When I first encountered the term in Japanese I assumed it came from the American brand of stapler of that name, which was dominant in the market in the early years of the 20th century. A Japanese participant in the sci.lang.japan usenet group was of the view it derived from the machine gun, so I went digging.

Some Japanese dictionaries attribute the term to the invention of the stapler by one B.B. Hotchkiss. We see, for example:

Daijirin:

ホチキス コの字形の針を紙に打ち込んでとじあわせる道具の商標名。 アメリカ人ホチキス(B. B. Hotchkiss)が発明した。 ステープラー。ホッチキス。

Koujien tells a slightly different story:

ホッチキス【Hotchkiss】 - 機関銃の一種。アメリカ人ホッチキス(Benjamin Berkeley H. 1826-1885)が発明。ガス圧を利用した空冷式のもの。 - 紙綴器の一種。「コ」の字形の綴じ金具を挿入し、把手を押して 紙などを綴り合せる具。綴込器。ホチキス。
So Benjamin B. Hotchkiss gets blamed for both machine gun and stapler, depending on the dictionary.

A bit further digging turns up the following:

  1. the gun, etc. indeed came from Benjamin Berkeley Hotchkiss who was an American who set up his company in France because the US government wasn't interested in WMDs then. The company diversified into vehicle parts, etc. as well as guns. He died in 1885, as Koujien says. (ref)

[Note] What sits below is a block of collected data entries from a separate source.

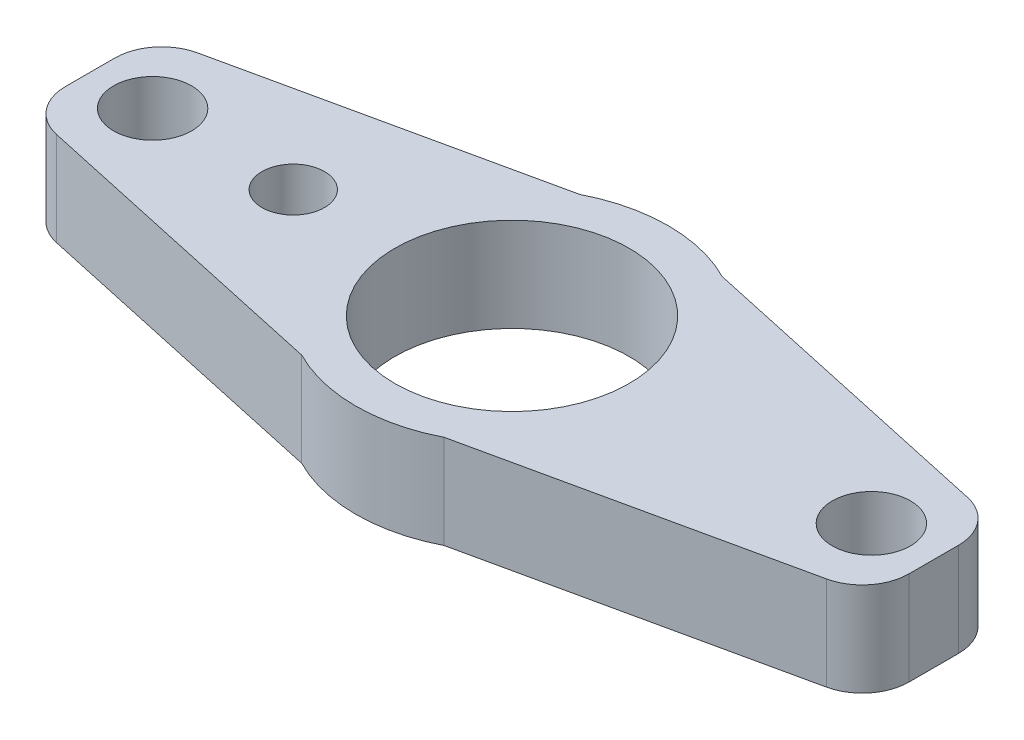
ISO-10303-21;
HEADER;
FILE_DESCRIPTION(('STEP AP214'),'2;1');
FILE_NAME('part.step','',(''),(''),'','','');
FILE_SCHEMA(('AUTOMOTIVE_DESIGN { 1 0 10303 214 1 1 1 1 }'));
ENDSEC;
DATA;
#1=APPLICATION_CONTEXT('core data for automotive mechanical design processes');
#2=APPLICATION_PROTOCOL_DEFINITION('international standard','automotive_design',2000,#1);
#3=PRODUCT_CONTEXT('',#1,'mechanical');
#4=PRODUCT('Part','Part','',(#3));
#5=PRODUCT_RELATED_PRODUCT_CATEGORY('part','',(#4));
#6=PRODUCT_DEFINITION_FORMATION('','',#4);
#7=PRODUCT_DEFINITION_CONTEXT('part definition',#1,'design');
#8=PRODUCT_DEFINITION('design','',#6,#7);
#9=PRODUCT_DEFINITION_SHAPE('','',#8);
#10=(LENGTH_UNIT() NAMED_UNIT(*) SI_UNIT(.MILLI.,.METRE.));
#11=(NAMED_UNIT(*) PLANE_ANGLE_UNIT() SI_UNIT($,.RADIAN.));
#12=(NAMED_UNIT(*) SI_UNIT($,.STERADIAN.) SOLID_ANGLE_UNIT());
#13=UNCERTAINTY_MEASURE_WITH_UNIT(LENGTH_MEASURE(1.E-05),#10,'distance_accuracy_value','');
#14=(GEOMETRIC_REPRESENTATION_CONTEXT(3) GLOBAL_UNCERTAINTY_ASSIGNED_CONTEXT((#13)) GLOBAL_UNIT_ASSIGNED_CONTEXT((#10,
#11,#12)) REPRESENTATION_CONTEXT('',''));
#15=CARTESIAN_POINT('',(0.,0.,0.));
#16=DIRECTION('',(0.,0.,1.));
#17=DIRECTION('',(1.,0.,0.));
#18=AXIS2_PLACEMENT_3D('',#15,#16,#17);
#19=CARTESIAN_POINT('',(0.,3.,0.));
#20=DIRECTION('',(0.,1.,0.));
#21=DIRECTION('',(0.,0.,1.));
#22=AXIS2_PLACEMENT_3D('',#19,#20,#21);
#23=PLANE('',#22);
#24=CARTESIAN_POINT('',(11.5,3.,0.));
#25=DIRECTION('',(0.,1.,0.));
#26=DIRECTION('',(0.,0.,-1.));
#27=AXIS2_PLACEMENT_3D('',#24,#25,#26);
#28=CIRCLE('',#27,1.25);
#29=CARTESIAN_POINT('',(11.5,3.,-1.25));
#30=VERTEX_POINT('',#29);
#31=EDGE_CURVE('E289',#30,#30,#28,.T.);
#32=ORIENTED_EDGE('',*,*,#31,.F.);
#33=EDGE_LOOP('',(#32));
#34=FACE_BOUND('',#33,.T.);
#35=CARTESIAN_POINT('',(0.,3.,0.));
#36=DIRECTION('',(0.,1.,0.));
#37=DIRECTION('',(0.,0.,1.));
#38=AXIS2_PLACEMENT_3D('',#35,#36,#37);
#39=CIRCLE('',#38,3.75);
#40=CARTESIAN_POINT('',(0.,3.,3.75));
#41=VERTEX_POINT('',#40);
#42=EDGE_CURVE('E261',#41,#41,#39,.T.);
#43=ORIENTED_EDGE('',*,*,#42,.F.);
#44=EDGE_LOOP('',(#43));
#45=FACE_BOUND('',#44,.T.);
#46=DIRECTION('',(0.976969831494084,0.,-0.213377478545465));
#47=VECTOR('',#46,1.);
#48=CARTESIAN_POINT('',(2.27784584109344,3.,4.45100194610307));
#49=LINE('',#48,#47);
#50=CARTESIAN_POINT('',(2.27784584109344,3.,4.45100194610307));
#51=VERTEX_POINT('',#50);
#52=CARTESIAN_POINT('',(12.3200662178182,3.,2.25770631515564));
#53=VERTEX_POINT('',#52);
#54=EDGE_CURVE('E129',#51,#53,#49,.T.);
#55=ORIENTED_EDGE('',*,*,#54,.T.);
#56=CARTESIAN_POINT('',(12.,3.,0.792251567914513));
#57=DIRECTION('',(0.,1.,0.));
#58=DIRECTION('',(0.,0.,1.));
#59=AXIS2_PLACEMENT_3D('',#56,#57,#58);
#60=CIRCLE('',#59,1.5);
#61=CARTESIAN_POINT('',(13.5,3.,0.792251567914513));
#62=VERTEX_POINT('',#61);
#63=EDGE_CURVE('E193',#53,#62,#60,.T.);
#64=ORIENTED_EDGE('',*,*,#63,.T.);
#65=DIRECTION('',(0.,0.,-1.));
#66=VECTOR('',#65,1.);
#67=CARTESIAN_POINT('',(13.5,3.,-2.));
#68=LINE('',#67,#66);
#69=CARTESIAN_POINT('',(13.5,3.,-0.792251567914513));
#70=VERTEX_POINT('',#69);
#71=EDGE_CURVE('E140',#62,#70,#68,.T.);
#72=ORIENTED_EDGE('',*,*,#71,.T.);
#73=CARTESIAN_POINT('',(12.,3.,-0.792251567914513));
#74=DIRECTION('',(0.,1.,0.));
#75=DIRECTION('',(0.,0.,1.));
#76=AXIS2_PLACEMENT_3D('',#73,#74,#75);
#77=CIRCLE('',#76,1.5);
#78=CARTESIAN_POINT('',(12.3200662178182,3.,-2.25770631515564));
#79=VERTEX_POINT('',#78);
#80=EDGE_CURVE('E190',#70,#79,#77,.T.);
#81=ORIENTED_EDGE('',*,*,#80,.T.);
#82=DIRECTION('',(-0.976969831494084,0.,-0.213377478545465));
#83=VECTOR('',#82,1.);
#84=CARTESIAN_POINT('',(2.27784584109344,3.,-4.45100194610307));
#85=LINE('',#84,#83);
#86=CARTESIAN_POINT('',(2.27784584109344,3.,-4.45100194610307));
#87=VERTEX_POINT('',#86);
#88=EDGE_CURVE('E271',#79,#87,#85,.T.);
#89=ORIENTED_EDGE('',*,*,#88,.T.);
#90=CARTESIAN_POINT('',(0.,3.,0.));
#91=DIRECTION('',(0.,1.,0.));
#92=DIRECTION('',(0.,0.,1.));
#93=AXIS2_PLACEMENT_3D('',#90,#91,#92);
#94=CIRCLE('',#93,5.);
#95=CARTESIAN_POINT('',(-2.27784584109346,3.,-4.45100194610306));
#96=VERTEX_POINT('',#95);
#97=EDGE_CURVE('E268',#87,#96,#94,.T.);
#98=ORIENTED_EDGE('',*,*,#97,.T.);
#99=DIRECTION('',(-0.976969831494084,0.,0.213377478545465));
#100=VECTOR('',#99,1.);
#101=CARTESIAN_POINT('',(-2.27784584109346,3.,-4.45100194610306));
#102=LINE('',#101,#100);
#103=CARTESIAN_POINT('',(-12.3200662178182,3.,-2.25770631515564));
#104=VERTEX_POINT('',#103);
#105=EDGE_CURVE('E242',#96,#104,#102,.T.);
#106=ORIENTED_EDGE('',*,*,#105,.T.);
#107=CARTESIAN_POINT('',(-12.,3.,-0.792251567914513));
#108=DIRECTION('',(0.,1.,0.));
#109=DIRECTION('',(0.,0.,1.));
#110=AXIS2_PLACEMENT_3D('',#107,#108,#109);
#111=CIRCLE('',#110,1.5);
#112=CARTESIAN_POINT('',(-13.5,3.,-0.792251567914513));
#113=VERTEX_POINT('',#112);
#114=EDGE_CURVE('E185',#104,#113,#111,.T.);
#115=ORIENTED_EDGE('',*,*,#114,.T.);
#116=DIRECTION('',(0.,0.,1.));
#117=VECTOR('',#116,1.);
#118=CARTESIAN_POINT('',(-13.5,3.,-2.));
#119=LINE('',#118,#117);
#120=CARTESIAN_POINT('',(-13.5,3.,0.792251567914513));
#121=VERTEX_POINT('',#120);
#122=EDGE_CURVE('E212',#113,#121,#119,.T.);
#123=ORIENTED_EDGE('',*,*,#122,.T.);
#124=CARTESIAN_POINT('',(-12.,3.,0.792251567914513));
#125=DIRECTION('',(0.,1.,0.));
#126=DIRECTION('',(0.,0.,1.));
#127=AXIS2_PLACEMENT_3D('',#124,#125,#126);
#128=CIRCLE('',#127,1.5);
#129=CARTESIAN_POINT('',(-12.3200662178182,3.,2.25770631515564));
#130=VERTEX_POINT('',#129);
#131=EDGE_CURVE('E55',#121,#130,#128,.T.);
#132=ORIENTED_EDGE('',*,*,#131,.T.);
#133=DIRECTION('',(0.976969831494084,0.,0.213377478545465));
#134=VECTOR('',#133,1.);
#135=CARTESIAN_POINT('',(-2.27784584109346,3.,4.45100194610306));
#136=LINE('',#135,#134);
#137=CARTESIAN_POINT('',(-2.27784584109346,3.,4.45100194610306));
#138=VERTEX_POINT('',#137);
#139=EDGE_CURVE('E145',#130,#138,#136,.T.);
#140=ORIENTED_EDGE('',*,*,#139,.T.);
#141=CARTESIAN_POINT('',(0.,3.,0.));
#142=DIRECTION('',(0.,1.,0.));
#143=DIRECTION('',(0.,0.,1.));
#144=AXIS2_PLACEMENT_3D('',#141,#142,#143);
#145=CIRCLE('',#144,5.);
#146=EDGE_CURVE('E141',#138,#51,#145,.T.);
#147=ORIENTED_EDGE('',*,*,#146,.T.);
#148=EDGE_LOOP('',(#55,#64,#72,#81,#89,#98,#106,#115,#123,#132,#140,#147));
#149=FACE_BOUND('',#148,.T.);
#150=CARTESIAN_POINT('',(-11.5,3.,0.));
#151=DIRECTION('',(0.,1.,0.));
#152=DIRECTION('',(0.,0.,1.));
#153=AXIS2_PLACEMENT_3D('',#150,#151,#152);
#154=CIRCLE('',#153,1.25);
#155=CARTESIAN_POINT('',(-11.5,3.,1.25));
#156=VERTEX_POINT('',#155);
#157=EDGE_CURVE('E281',#156,#156,#154,.T.);
#158=ORIENTED_EDGE('',*,*,#157,.F.);
#159=EDGE_LOOP('',(#158));
#160=FACE_BOUND('',#159,.T.);
#161=CARTESIAN_POINT('',(-7.,3.,0.));
#162=DIRECTION('',(0.,1.,0.));
#163=DIRECTION('',(0.,0.,1.));
#164=AXIS2_PLACEMENT_3D('',#161,#162,#163);
#165=CIRCLE('',#164,1.);
#166=CARTESIAN_POINT('',(-7.,3.,1.));
#167=VERTEX_POINT('',#166);
#168=EDGE_CURVE('E297',#167,#167,#165,.T.);
#169=ORIENTED_EDGE('',*,*,#168,.F.);
#170=EDGE_LOOP('',(#169));
#171=FACE_BOUND('',#170,.T.);
#172=ADVANCED_FACE('F39',(#34,#45,#149,#160,#171),#23,.T.);
#173=CARTESIAN_POINT('',(0.,0.,0.));
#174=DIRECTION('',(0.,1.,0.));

  2. the stapler appears to have emerged from the Jones Manufacturing Company, which was incorporated in 1895 by a group of people including George Hotchkiss and his son Eli Hubbell Hotchkiss. According to Curtis Scaglione (link below), the Hotchkisses bought a failing business in which the King stapler was considered a company asset. The company became the E. H. Hotchkiss Company in 1897.

    See the entry in the Stapler Database, the Brief History of Staples on a blog site, and the short article in the stapler of the week blog.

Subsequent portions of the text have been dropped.